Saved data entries

====

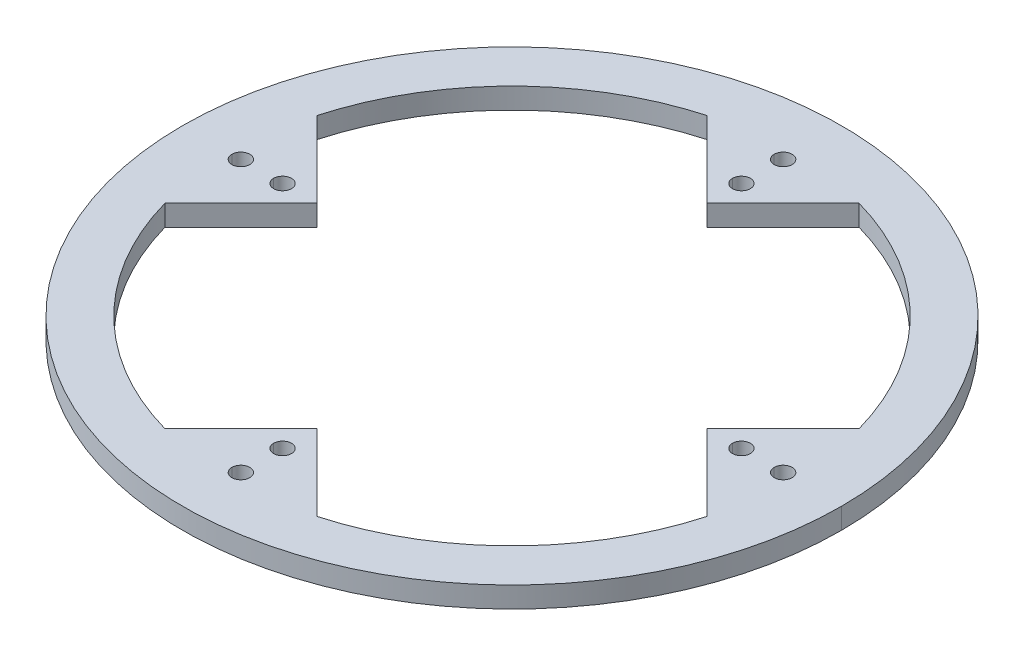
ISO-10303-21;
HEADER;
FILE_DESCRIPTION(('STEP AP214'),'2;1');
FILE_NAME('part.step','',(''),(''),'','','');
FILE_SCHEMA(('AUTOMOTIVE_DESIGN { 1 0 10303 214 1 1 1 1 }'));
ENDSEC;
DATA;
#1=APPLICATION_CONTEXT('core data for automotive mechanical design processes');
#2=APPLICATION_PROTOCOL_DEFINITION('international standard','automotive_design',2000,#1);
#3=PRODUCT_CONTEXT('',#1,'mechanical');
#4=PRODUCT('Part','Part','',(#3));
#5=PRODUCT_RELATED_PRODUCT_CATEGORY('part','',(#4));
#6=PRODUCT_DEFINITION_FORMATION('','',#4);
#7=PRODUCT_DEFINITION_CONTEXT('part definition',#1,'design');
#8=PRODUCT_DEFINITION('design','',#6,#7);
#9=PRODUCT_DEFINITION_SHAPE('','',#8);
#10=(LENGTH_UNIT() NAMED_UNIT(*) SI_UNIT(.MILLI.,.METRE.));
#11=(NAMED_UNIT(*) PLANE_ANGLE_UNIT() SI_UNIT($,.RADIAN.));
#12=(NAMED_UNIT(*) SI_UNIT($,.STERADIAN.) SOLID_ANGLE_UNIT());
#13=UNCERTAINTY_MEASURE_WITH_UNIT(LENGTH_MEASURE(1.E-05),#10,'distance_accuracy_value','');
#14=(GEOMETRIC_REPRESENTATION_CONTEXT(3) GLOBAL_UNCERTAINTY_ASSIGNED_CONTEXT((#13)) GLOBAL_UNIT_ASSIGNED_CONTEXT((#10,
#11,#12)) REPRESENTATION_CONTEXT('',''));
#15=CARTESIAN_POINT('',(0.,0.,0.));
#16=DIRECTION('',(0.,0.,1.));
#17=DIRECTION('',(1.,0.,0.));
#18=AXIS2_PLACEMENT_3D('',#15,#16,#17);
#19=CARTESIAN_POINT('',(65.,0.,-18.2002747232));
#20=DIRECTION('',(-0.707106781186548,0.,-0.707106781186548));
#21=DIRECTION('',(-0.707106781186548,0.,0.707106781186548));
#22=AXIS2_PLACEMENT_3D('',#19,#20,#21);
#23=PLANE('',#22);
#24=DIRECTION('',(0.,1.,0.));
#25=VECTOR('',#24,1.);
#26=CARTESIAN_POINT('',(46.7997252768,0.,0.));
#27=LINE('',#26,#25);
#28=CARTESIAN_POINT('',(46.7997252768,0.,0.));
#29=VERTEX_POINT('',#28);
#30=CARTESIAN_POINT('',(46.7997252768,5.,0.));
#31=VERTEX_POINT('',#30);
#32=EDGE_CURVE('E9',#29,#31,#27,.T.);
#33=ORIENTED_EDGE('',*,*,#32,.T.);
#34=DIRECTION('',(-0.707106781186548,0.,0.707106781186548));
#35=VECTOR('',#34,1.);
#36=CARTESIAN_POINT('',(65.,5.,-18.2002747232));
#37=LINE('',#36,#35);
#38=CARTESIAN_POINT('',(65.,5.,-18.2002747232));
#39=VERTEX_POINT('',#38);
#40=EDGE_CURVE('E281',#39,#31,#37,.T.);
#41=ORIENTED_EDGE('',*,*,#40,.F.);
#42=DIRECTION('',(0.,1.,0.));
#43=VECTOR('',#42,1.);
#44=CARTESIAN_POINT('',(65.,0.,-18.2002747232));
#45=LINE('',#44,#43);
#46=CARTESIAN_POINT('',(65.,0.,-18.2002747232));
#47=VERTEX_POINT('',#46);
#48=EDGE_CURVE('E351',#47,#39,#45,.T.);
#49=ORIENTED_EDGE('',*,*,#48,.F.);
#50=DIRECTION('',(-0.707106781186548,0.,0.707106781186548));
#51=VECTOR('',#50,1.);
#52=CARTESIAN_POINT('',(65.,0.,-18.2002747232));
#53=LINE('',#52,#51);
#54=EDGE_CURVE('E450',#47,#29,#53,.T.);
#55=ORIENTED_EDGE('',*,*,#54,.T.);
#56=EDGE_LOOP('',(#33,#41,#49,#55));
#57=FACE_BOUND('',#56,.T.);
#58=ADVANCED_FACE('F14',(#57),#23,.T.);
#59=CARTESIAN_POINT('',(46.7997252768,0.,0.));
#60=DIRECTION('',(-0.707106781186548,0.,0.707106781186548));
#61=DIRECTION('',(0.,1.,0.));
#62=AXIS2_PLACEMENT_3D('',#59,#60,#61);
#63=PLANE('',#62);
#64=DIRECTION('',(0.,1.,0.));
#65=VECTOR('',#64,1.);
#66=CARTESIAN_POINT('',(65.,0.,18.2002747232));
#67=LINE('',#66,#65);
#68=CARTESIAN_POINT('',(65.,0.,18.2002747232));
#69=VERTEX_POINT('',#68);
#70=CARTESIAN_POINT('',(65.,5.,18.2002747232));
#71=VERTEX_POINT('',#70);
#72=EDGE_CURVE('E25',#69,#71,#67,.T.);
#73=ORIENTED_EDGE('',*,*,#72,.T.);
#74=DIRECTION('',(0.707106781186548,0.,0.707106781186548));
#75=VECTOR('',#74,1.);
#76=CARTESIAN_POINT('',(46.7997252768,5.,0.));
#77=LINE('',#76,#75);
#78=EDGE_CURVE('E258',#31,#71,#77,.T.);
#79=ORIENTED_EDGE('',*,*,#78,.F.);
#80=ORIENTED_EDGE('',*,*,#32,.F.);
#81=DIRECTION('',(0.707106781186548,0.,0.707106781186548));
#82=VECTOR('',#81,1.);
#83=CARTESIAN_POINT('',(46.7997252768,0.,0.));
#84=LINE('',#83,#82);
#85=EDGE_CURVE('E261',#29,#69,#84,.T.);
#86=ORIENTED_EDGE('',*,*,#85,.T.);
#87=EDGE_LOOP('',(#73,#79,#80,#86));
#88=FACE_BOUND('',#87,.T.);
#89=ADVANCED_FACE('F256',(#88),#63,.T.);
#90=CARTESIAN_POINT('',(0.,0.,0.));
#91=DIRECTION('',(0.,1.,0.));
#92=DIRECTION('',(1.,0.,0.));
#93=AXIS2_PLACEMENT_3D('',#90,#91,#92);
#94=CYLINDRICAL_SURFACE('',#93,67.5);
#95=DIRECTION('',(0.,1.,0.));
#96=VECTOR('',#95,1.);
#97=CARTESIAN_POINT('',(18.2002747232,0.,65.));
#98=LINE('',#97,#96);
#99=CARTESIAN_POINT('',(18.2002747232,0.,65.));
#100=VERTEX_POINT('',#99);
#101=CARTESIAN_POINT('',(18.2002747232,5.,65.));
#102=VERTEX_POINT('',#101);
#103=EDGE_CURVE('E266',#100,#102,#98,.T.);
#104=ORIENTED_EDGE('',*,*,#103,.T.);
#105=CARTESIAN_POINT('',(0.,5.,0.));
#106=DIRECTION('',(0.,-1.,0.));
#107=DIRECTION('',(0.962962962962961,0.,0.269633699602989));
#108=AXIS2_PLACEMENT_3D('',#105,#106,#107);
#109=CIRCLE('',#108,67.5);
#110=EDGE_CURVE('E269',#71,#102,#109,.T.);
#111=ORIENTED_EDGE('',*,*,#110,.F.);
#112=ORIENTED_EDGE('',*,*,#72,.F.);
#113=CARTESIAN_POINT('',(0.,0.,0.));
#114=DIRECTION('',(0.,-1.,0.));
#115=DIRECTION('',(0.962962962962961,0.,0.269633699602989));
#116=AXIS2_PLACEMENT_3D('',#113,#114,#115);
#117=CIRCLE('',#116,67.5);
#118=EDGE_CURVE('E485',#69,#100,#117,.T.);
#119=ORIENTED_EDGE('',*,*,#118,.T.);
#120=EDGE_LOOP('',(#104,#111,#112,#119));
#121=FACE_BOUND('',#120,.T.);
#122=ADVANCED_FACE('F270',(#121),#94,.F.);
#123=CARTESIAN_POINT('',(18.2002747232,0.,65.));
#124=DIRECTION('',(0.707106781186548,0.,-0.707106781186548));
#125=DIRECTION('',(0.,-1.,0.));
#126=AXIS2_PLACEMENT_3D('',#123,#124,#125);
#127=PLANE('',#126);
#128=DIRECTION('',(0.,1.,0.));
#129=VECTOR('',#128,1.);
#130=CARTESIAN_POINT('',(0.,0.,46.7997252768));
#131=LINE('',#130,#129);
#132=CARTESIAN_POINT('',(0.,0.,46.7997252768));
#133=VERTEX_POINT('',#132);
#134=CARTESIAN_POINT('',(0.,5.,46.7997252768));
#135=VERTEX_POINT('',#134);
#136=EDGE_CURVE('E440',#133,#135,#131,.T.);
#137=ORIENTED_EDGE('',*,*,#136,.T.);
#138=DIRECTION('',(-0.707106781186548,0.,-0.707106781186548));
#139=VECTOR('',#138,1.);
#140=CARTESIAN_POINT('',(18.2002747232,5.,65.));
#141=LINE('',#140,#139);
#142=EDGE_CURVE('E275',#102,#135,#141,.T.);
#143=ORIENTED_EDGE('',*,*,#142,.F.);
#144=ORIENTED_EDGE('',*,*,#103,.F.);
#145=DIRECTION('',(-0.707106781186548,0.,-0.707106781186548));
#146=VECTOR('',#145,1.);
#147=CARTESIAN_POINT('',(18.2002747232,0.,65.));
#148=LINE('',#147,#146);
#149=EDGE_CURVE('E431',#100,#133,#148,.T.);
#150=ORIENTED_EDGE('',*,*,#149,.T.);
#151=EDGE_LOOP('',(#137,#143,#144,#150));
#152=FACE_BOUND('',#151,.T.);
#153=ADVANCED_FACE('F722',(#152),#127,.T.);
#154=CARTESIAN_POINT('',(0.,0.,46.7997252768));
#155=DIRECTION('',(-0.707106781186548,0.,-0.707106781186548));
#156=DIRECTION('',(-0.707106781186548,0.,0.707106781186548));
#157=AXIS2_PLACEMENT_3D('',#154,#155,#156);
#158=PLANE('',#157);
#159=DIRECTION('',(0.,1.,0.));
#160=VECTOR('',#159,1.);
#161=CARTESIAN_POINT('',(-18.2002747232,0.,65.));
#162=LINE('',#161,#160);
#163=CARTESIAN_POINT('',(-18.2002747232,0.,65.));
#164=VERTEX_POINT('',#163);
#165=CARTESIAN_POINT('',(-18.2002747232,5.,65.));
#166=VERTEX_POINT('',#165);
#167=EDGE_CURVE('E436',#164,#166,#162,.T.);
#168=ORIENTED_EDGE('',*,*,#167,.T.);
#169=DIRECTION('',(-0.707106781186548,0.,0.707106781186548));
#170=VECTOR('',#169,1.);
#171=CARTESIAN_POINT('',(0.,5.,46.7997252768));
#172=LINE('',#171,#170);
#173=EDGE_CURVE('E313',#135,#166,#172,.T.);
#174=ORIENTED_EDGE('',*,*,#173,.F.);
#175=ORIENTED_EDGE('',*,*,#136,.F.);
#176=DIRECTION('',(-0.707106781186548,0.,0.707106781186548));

====

(Problem description) Transcribe exactly and only the lines from the top of the records through the line containing "#33=ORIENTED_EDGE('',*,*,#32,.T.);", inclusive, and do not copy the pictures.

(Your response)
ISO-10303-21;
HEADER;
FILE_DESCRIPTION(('STEP AP214'),'2;1');
FILE_NAME('part.step','',(''),(''),'','','');
FILE_SCHEMA(('AUTOMOTIVE_DESIGN { 1 0 10303 214 1 1 1 1 }'));
ENDSEC;
DATA;
#1=APPLICATION_CONTEXT('core data for automotive mechanical design processes');
#2=APPLICATION_PROTOCOL_DEFINITION('international standard','automotive_design',2000,#1);
#3=PRODUCT_CONTEXT('',#1,'mechanical');
#4=PRODUCT('Part','Part','',(#3));
#5=PRODUCT_RELATED_PRODUCT_CATEGORY('part','',(#4));
#6=PRODUCT_DEFINITION_FORMATION('','',#4);
#7=PRODUCT_DEFINITION_CONTEXT('part definition',#1,'design');
#8=PRODUCT_DEFINITION('design','',#6,#7);
#9=PRODUCT_DEFINITION_SHAPE('','',#8);
#10=(LENGTH_UNIT() NAMED_UNIT(*) SI_UNIT(.MILLI.,.METRE.));
#11=(NAMED_UNIT(*) PLANE_ANGLE_UNIT() SI_UNIT($,.RADIAN.));
#12=(NAMED_UNIT(*) SI_UNIT($,.STERADIAN.) SOLID_ANGLE_UNIT());
#13=UNCERTAINTY_MEASURE_WITH_UNIT(LENGTH_MEASURE(1.E-05),#10,'distance_accuracy_value','');
#14=(GEOMETRIC_REPRESENTATION_CONTEXT(3) GLOBAL_UNCERTAINTY_ASSIGNED_CONTEXT((#13)) GLOBAL_UNIT_ASSIGNED_CONTEXT((#10,
#11,#12)) REPRESENTATION_CONTEXT('',''));
#15=CARTESIAN_POINT('',(0.,0.,0.));
#16=DIRECTION('',(0.,0.,1.));
#17=DIRECTION('',(1.,0.,0.));
#18=AXIS2_PLACEMENT_3D('',#15,#16,#17);
#19=CARTESIAN_POINT('',(65.,0.,-18.2002747232));
#20=DIRECTION('',(-0.707106781186548,0.,-0.707106781186548));
#21=DIRECTION('',(-0.707106781186548,0.,0.707106781186548));
#22=AXIS2_PLACEMENT_3D('',#19,#20,#21);
#23=PLANE('',#22);
#24=DIRECTION('',(0.,1.,0.));
#25=VECTOR('',#24,1.);
#26=CARTESIAN_POINT('',(46.7997252768,0.,0.));
#27=LINE('',#26,#25);
#28=CARTESIAN_POINT('',(46.7997252768,0.,0.));
#29=VERTEX_POINT('',#28);
#30=CARTESIAN_POINT('',(46.7997252768,5.,0.));
#31=VERTEX_POINT('',#30);
#32=EDGE_CURVE('E9',#29,#31,#27,.T.);
#33=ORIENTED_EDGE('',*,*,#32,.T.);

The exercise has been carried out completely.